» **Records for this task**
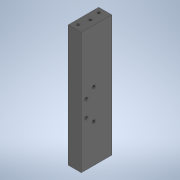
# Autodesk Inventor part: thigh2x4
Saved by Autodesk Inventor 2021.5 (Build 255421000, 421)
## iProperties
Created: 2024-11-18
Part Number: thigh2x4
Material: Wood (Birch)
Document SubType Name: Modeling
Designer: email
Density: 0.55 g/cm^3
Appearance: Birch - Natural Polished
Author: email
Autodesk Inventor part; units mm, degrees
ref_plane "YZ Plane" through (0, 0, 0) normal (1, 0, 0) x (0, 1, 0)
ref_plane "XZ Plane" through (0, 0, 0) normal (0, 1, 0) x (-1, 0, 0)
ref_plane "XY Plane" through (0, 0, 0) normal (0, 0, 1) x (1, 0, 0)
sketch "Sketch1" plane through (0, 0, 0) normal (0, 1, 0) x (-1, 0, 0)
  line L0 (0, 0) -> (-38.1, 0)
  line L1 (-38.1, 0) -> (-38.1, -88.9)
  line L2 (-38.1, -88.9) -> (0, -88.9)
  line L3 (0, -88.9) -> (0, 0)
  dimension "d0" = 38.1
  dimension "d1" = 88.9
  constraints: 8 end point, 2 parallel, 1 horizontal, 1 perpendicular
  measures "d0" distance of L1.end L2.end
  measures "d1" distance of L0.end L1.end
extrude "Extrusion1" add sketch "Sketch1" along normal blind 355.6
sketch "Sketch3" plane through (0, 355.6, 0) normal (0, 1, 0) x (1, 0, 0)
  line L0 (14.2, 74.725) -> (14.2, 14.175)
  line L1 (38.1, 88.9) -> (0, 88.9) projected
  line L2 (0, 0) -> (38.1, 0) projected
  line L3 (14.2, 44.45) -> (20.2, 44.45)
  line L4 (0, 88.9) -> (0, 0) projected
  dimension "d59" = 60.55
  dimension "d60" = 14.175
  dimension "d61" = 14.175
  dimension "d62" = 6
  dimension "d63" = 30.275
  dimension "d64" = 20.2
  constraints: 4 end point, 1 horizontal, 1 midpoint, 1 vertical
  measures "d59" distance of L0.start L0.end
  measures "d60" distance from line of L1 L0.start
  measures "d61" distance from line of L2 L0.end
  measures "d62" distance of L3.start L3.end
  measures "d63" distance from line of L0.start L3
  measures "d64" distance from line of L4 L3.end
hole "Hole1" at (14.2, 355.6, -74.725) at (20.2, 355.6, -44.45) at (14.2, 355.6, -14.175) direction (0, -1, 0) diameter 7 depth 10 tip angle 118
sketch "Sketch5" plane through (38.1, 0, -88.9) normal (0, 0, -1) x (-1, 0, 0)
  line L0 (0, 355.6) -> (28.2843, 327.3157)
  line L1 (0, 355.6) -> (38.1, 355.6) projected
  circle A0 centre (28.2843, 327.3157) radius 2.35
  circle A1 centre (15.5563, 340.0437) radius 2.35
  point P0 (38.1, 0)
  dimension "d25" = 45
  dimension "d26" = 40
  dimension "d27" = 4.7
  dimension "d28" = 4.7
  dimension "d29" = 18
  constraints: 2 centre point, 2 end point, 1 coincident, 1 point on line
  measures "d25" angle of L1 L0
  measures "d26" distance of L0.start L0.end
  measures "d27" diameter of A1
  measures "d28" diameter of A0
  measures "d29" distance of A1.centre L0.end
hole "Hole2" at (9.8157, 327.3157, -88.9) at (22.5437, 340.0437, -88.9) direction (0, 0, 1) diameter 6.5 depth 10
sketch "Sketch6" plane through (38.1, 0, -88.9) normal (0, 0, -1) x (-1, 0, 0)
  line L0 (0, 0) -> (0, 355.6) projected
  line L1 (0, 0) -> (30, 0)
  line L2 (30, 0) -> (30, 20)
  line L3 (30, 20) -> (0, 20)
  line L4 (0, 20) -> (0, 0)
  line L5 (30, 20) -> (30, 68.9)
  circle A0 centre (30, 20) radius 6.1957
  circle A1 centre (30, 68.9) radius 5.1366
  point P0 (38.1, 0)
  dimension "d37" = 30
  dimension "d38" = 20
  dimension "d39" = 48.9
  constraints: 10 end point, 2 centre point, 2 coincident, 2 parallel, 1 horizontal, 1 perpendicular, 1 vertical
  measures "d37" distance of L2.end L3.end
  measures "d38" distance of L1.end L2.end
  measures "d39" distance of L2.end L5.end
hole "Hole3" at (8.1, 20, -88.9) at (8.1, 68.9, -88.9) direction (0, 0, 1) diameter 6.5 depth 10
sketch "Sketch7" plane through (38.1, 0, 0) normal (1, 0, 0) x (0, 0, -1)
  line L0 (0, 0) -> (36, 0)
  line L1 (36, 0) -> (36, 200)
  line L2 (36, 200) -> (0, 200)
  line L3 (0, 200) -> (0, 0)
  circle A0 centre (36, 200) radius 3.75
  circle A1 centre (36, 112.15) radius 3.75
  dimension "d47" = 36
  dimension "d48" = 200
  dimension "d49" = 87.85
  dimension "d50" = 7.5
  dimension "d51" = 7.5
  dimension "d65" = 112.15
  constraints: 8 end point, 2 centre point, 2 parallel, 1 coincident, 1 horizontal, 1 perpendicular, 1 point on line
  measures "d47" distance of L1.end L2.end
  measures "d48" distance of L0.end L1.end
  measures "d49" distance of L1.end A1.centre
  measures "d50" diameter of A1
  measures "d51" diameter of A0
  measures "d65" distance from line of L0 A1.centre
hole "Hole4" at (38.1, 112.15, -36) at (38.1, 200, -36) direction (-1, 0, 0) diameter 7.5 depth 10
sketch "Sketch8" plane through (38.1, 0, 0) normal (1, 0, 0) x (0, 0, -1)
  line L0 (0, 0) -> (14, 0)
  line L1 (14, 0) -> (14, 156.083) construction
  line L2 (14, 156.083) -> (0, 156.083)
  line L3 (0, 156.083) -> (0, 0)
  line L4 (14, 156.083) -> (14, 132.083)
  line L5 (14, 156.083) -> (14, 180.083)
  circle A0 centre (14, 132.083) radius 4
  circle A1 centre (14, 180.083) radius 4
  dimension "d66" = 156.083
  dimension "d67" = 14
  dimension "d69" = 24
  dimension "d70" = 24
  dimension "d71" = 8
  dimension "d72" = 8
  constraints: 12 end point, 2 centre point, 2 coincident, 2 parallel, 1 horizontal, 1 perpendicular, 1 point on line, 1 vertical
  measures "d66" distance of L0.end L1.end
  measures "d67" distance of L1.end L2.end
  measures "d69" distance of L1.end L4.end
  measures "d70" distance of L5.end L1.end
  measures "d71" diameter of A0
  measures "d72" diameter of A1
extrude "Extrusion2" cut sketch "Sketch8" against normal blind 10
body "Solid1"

» **Exercise aim**
Give the count of lines in the data that contain the word "point", and write nothing besides it.

» **Solution to the exercise**
8